Thursday, December 12, 2013

History of Superhero RPGs (Part Seven 2002-2003)

THE SUPERHERO’S JOURNEY
In the last two posts I described how I see superhero stories divided: Sci-Fi, Pulp, and Mythic. I suspect that last category, Mythic, includes more actual gaming than the other two combined. Yet it may be what gives some gamers as bad taste when they think of supers games. Mythic games can be powerful- at the very least they embrace the idea of powers. They eschew realism in favor of spectacle and cool. That has several consequences, including the hand-waving of repercussions. A battle between titans in an urban metropolis has serious and specific consequences in a Sci-Fi supers game. The decay of infrastructure, shifts in the economy, poisonous fallout. In a Pulp game it focuses on drama: the revelation of the destruction, loss of friends, reactions of horror from the general populace. In a Mythic game someone cleans up afterwards- perhaps with a small comment about rebuilding. Or the horrific destruction gets downplayed (ala Man of Steel). More rarely Mythic stories embrace that catastrophe as a message and a metaphor (ala Kid Miracleman’s assault on London or the Batman NML arc).

That leads to the next part of Mythic: symbolism. Mythic stories rely on archetypes. Characters stand for ideas and beliefs. Heroes might embrace those for a purpose, but those eventually come to define them. Some writers make a more explicit connection to mythology. Consider Grant Morrison’s JLA run or Seven Soldiers mini-series; Mark Waid’s Kingdom Come; and Alan Moore’s Promethea. All of these make heroes into figures in stories that echo Beowulf, Gilgamesh, and Ovid’s Metamorphosis. Kirby and Starlin represent the greatest of these Mythic storytellers- from Thor to the New Gods to Warlock and so on. They brought the cosmic.
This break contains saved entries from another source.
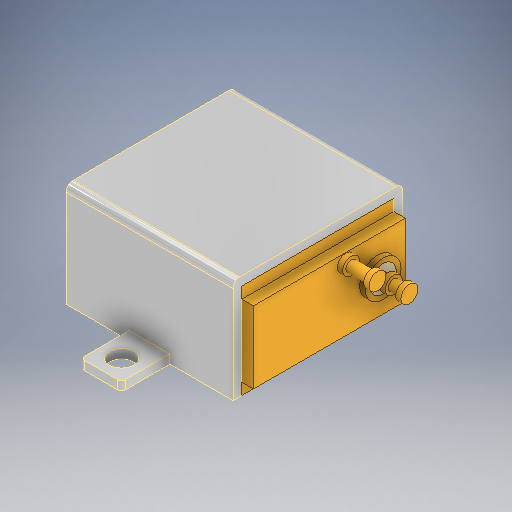
# Autodesk Inventor part: Mini-Circuits_Case_GC957
Saved by Autodesk Inventor 2025.2 (Build 292293000, 293)
## iProperties
Created: 2024-11-19
Part Number: Mini-Circuits_Case_GC957
Material: Generic
Document SubType Name: Modeling
Designer: Paul Linke
Density: 1 g/cm^3
Appearance: Gold
Author: Paul Linke
Autodesk Inventor part; units mm, degrees
ref_plane "YZ Plane" through (0, 0, 0) normal (1, 0, 0) x (0, 1, 0)
ref_plane "XZ Plane" through (0, 0, 0) normal (0, 1, 0) x (-1, 0, 0)
ref_plane "XY Plane" through (0, 0, 0) normal (0, 0, 1) x (1, 0, 0)
sketch "sketch_main_body" plane through (0, 0, 0) normal (0, 1, 0) x (-1, 0, 0)
  line L0 (9.4, -8.55) -> (-9.4, -8.55)
  line L1 (-9.4, -8.55) -> (-9.4, 8.55)
  line L2 (-9.4, 8.55) -> (9.4, 8.55)
  line L3 (9.4, 8.55) -> (9.4, -8.55)
  line L4 (9.4, -8.55) -> (-9.4, 8.55) construction
  line L5 (-9.4, -8.55) -> (9.4, 8.55) construction
  point P0 (0, 0)
  dimension "d0" = 18.8
  dimension "d1" = 17.1
  constraints: 12 end point, 2 midpoint, 2 parallel, 1 horizontal, 1 perpendicular
  measures "d0" distance between parallel lines of L1 L3
  measures "d1" distance between parallel lines of L2 L0
extrude "main_body" add sketch "sketch_main_body" along normal blind 10.68
sketch "sketch_aluminium_shield" plane through (-9.4, 0, -8.55) normal (-1, 0, 0) x (0, 0, 1)
  line L0 (0, 0) -> (0, 10.68) projected
  line L1 (0, 0) -> (-1, 0)
  line L2 (-1, 0) -> (-1, 10.93)
  line L3 (-0.25, 11.68) -> (0.0237, 11.68)
  line L4 (0, 10.68) -> (0, 0)
  line L5 (0.0237, 11.68) -> (17.35, 11.68)
  line L6 (18.1, 10.93) -> (18.1, 10.5311)
  line L7 (17.1, 10.68) -> (0, 10.68)
  line L8 (17.1, 0) -> (17.1, 10.68) projected
  line L9 (17.1, 10.5311) -> (17.1, 0)
  line L10 (17.1, 0) -> (18.1, 0)
  line L11 (18.1, 0) -> (18.1, 10.68)
  arc A0 (-0.25, 11.68) -> (-1, 10.93) centre (-0.25, 10.93) ccw
  arc A1 (18.1, 10.93) -> (17.35, 11.68) centre (17.35, 10.93) ccw
  point P0 (8.55, 0)
  dimension "d5" = 1
  dimension "d6" = 1
  dimension "d7" = 1
  dimension "d8" = 0.75
  constraints: 20 end point, 4 parallel, 4 point on circle, 4 tangent, 3 horizontal, 3 point on line, 2 centre point, 2 perpendicular, 1 equal radius
  measures "d5" distance between parallel lines of L0 L2
  measures "d6" distance between parallel lines of L5 L7
  measures "d7" distance between parallel lines of L11 L8
  measures "d8" radius of A0
extrude "aluminium_shield" add sketch "sketch_aluminium_shield" against normal blind 18.8 separate body
sketch "sketch_mount" plane through (0, 0, 0) normal (0, -1, 0) x (1, 0, 0)
  line L0 (-9.4, 9.55) -> (9.4, 9.55) projected
  line L1 (-2.285, 9.55) -> (2.285, 9.55)
  line L2 (2.285, 9.55) -> (2.285, 14.6)
  line L3 (1.885, 15) -> (-1.885, 15)
  line L4 (-2.285, 14.6) -> (-2.285, 9.55)
  circle A0 centre (0, 12.7) radius 1.345
  arc A1 (-1.885, 15) -> (-2.285, 14.6) centre (-1.885, 14.6) ccw
  arc A2 (2.285, 14.6) -> (1.885, 15) centre (1.885, 14.6) ccw
  line L5 (-12.1941, 0) -> (12.1129, 0) construction
  line L6 (-9.4, -9.55) -> (9.4, -9.55)
  line L7 (2.285, -9.55) -> (2.285, -14.6)
  line L8 (1.885, -15) -> (-1.885, -15)
  line L9 (-2.285, -14.6) -> (-2.285, -9.55)
  circle A3 centre (0, -12.7) radius 1.345
  arc A4 (-2.285, -14.6) -> (-1.885, -15) centre (-1.885, -14.6) ccw
  arc A5 (1.885, -15) -> (2.285, -14.6) centre (1.885, -14.6) ccw
  point P0 (0, 0)
  point P1 (0, 9.55)
  point P2 (2.285, 9.55)
  dimension "d11" = 5.45
  dimension "d12" = 4.57
  dimension "d14" = 7.115
  dimension "d15" = 0.4
  dimension "d16" = 2.69
  dimension "d17" = 3.15
  constraints: 18 end point, 11 symmetric about line, 8 point on circle, 6 centre point, 4 tangent, 2 horizontal, 2 parallel, 2 point on line, 1 equal radius, 1 midpoint, 1 perpendicular, 3 other
  measures "d11" distance between parallel lines of L0 L3
  measures "d12" distance between parallel lines of L2 L4
  measures "d14" distance from line of L0.end L2
  measures "d15" radius of A1
  measures "d16" diameter of A0
  measures "d17" distance of point (0, 9.55) A0.centre
extrude "mount" add sketch "sketch_mount" against normal blind 1 bodies 2
sketch "sketch_bulge" plane through (9.4, 0, 8.55) normal (1, 0, 0) x (0, 0, -1)
  line L0 (0, 0) -> (0, 10.68) projected
  line L1 (17.1, 0) -> (17.1, 10.68) projected
  line L2 (0, 9.39) -> (17.1, 9.39)
  line L3 (17.1, 9.39) -> (17.1, 1.29)
  line L4 (17.1, 1.29) -> (0, 1.29)
  line L5 (0, 1.29) -> (0, 9.39)
  line L6 (0, 10.68) -> (17.1, 10.68) projected
  point P0 (8.55, 0)
  point P1 (0, 1.29)
  dimension "d20" = 8.1
  dimension "d21" = 1.29
  constraints: 8 end point, 2 parallel, 2 point on line, 1 horizontal, 1 perpendicular
  measures "d20" distance between parallel lines of L4 L2
  measures "d21" distance between parallel lines of L6 L2
extrude "bulge" add sketch "sketch_bulge" along normal blind 1.3 contours L0 L2 L1 L4 bodies 1
sketch "sketch_power_ports" plane through (10.7, 0, 8.55) normal (1, 0, 0) x (0, 0, -1)
  circle A0 centre (13.99, 5.33) radius 0.95
  circle A1 centre (13.99, 5.33) radius 0.6
  line L0 (0, 0) -> (17.1, 0) projected
  circle A2 centre (13.99, 5.33) radius 2.02
  line L1 (-1, 10.93) -> (-1, 0) projected
  circle A3 centre (10.4, 8.38) radius 0.95
  circle A4 centre (10.4, 8.38) radius 0.6
  circle A5 centre (13.99, 5.33) radius 1.48
  point P0 (8.55, 0)
  dimension "d24" = 1.2
  dimension "d25" = 1.9
  dimension "d26" = 5.33
  dimension "d27" = 4.04
  dimension "d28" = 14.99
  dimension "d29" = 1.2
  dimension "d30" = 1.9
  dimension "d31" = 8.38
  dimension "d32" = 11.4
  dimension "d45" = 2.96
  constraints: 6 centre point, 5 coincident
  measures "d24" diameter of A1
  measures "d25" diameter of A0
  measures "d26" distance from line of A0.centre L0
  measures "d27" diameter of A2
  measures "d28" distance from line of A0.centre L1
  measures "d29" diameter of A4
  measures "d30" diameter of A3
  measures "d31" distance from line of A3.centre L0
  measures "d32" distance from line of A3.centre L1
  measures "d45" diameter of A5
extrude "Extrusion5" add sketch "sketch_power_ports" along normal blind 3.56 contours A4 bodies 1
extrude "Extrusion6" add sketch "sketch_power_ports" along normal blind 0.6 from surface at 0 contours A3 | A4 bodies 1
extrude "Extrusion7" add sketch "sketch_power_ports" against normal blind 0.6 from surface at 3.56 contours A3 | A4 bodies 1
extrude "Extrusion9" add sketch "sketch_power_ports" along normal blind 3.56 contours A1 bodies 1
extrude "Extrusion11" add sketch "sketch_power_ports" along normal blind 0.6 separate body contours A0 | A5
extrude "Extrusion12" add sketch "sketch_power_ports" along normal blind 0.6 contours A2 bodies 1
extrude "Extrusion13" add sketch "sketch_power_ports" against normal blind 0.6 from surface at 3.56 contours A0 bodies 1
extrude "Extrusion14" add sketch "sketch_power_ports" along normal blind 1.2 from surface at 0.6 contours A0 bodies 1
extrude "Extrusion15" cut sketch "sketch_power_ports" along normal blind 1.2 contours A0 bodies 1
body "Solid1"
body "Solid2"
body "Solid3"

That leads to worlds where magic, psychic powers, mutations, alien hybrids, and intelligent robots all exist side by side. And they exist without any attempt to rationalize and explain away how that’s actually happening. The Asgardians aren’t super-aliens- they’re gods. All powers don’t actually derive from a super-virus or a multi-dimensional rift in the Bleed. They’re crazy, mixed up and wild. Anything goes and that’s a double-edged sword. Creators, GMs, and players have all the room they want. But that can feel unreal, unmoored from any connection to the human condition. It can result in power fantasy campaigns and stories without and depth.

TIMELINE
Events: Oddly Marvel’s Infinity Abyss and DC’s Joker: Last Laugh seem to be the only big ones in this period.
Television: Power Rangers Wild Force, Teamo Supremo, ¡Mucha Lucha!, Ultraman Tiga, Ultimate Muscle, Teenage Mutant Ninja Turtles, Power Rangers: Ninja Storm, Venture Brothers, Spider Man New Animated Series, Teen Titans, Xiaolin Showdown, Jake 2.0.
Films: Blade II, Spider Man, Daredevil, X-2: X-Men United, Hulk, The League of Extraordinary Gentlemen.

These lists cover a smaller slice of time than my past rpg lists. I hope this makes them easier to read. I include mostly core books, but also significant setting or sourcebooks. I list revised editions which significantly changed a line. Generally I only include published material- print or electronic. I leave out freebie or self-published games. I'm sure I've left something off without adequate reason; feel free to add a comment about a line I missed (if published from 2002-2003). I've arranged these in by year and then alphabetically within that year.


1. Champions (2002)
Hero System 5 broke me. I felt alienated by gaming's new emphasis on shifts and edition revisions. I'd gone along with Rolemaster's changes, but reworkings and new key system supplements finally wore me out. Over the next couple of years I dropped three systems we played for well over a decade in our groups: RolemasterGURPS, and Champions. Fatigue and expense killed those off. Instead for the moment I stuck with Hero 4th Edition- it worked fine. Or so I thought. I tried teaching it to some new players. They disliked it and my own desire for lighter rules didn't help matters.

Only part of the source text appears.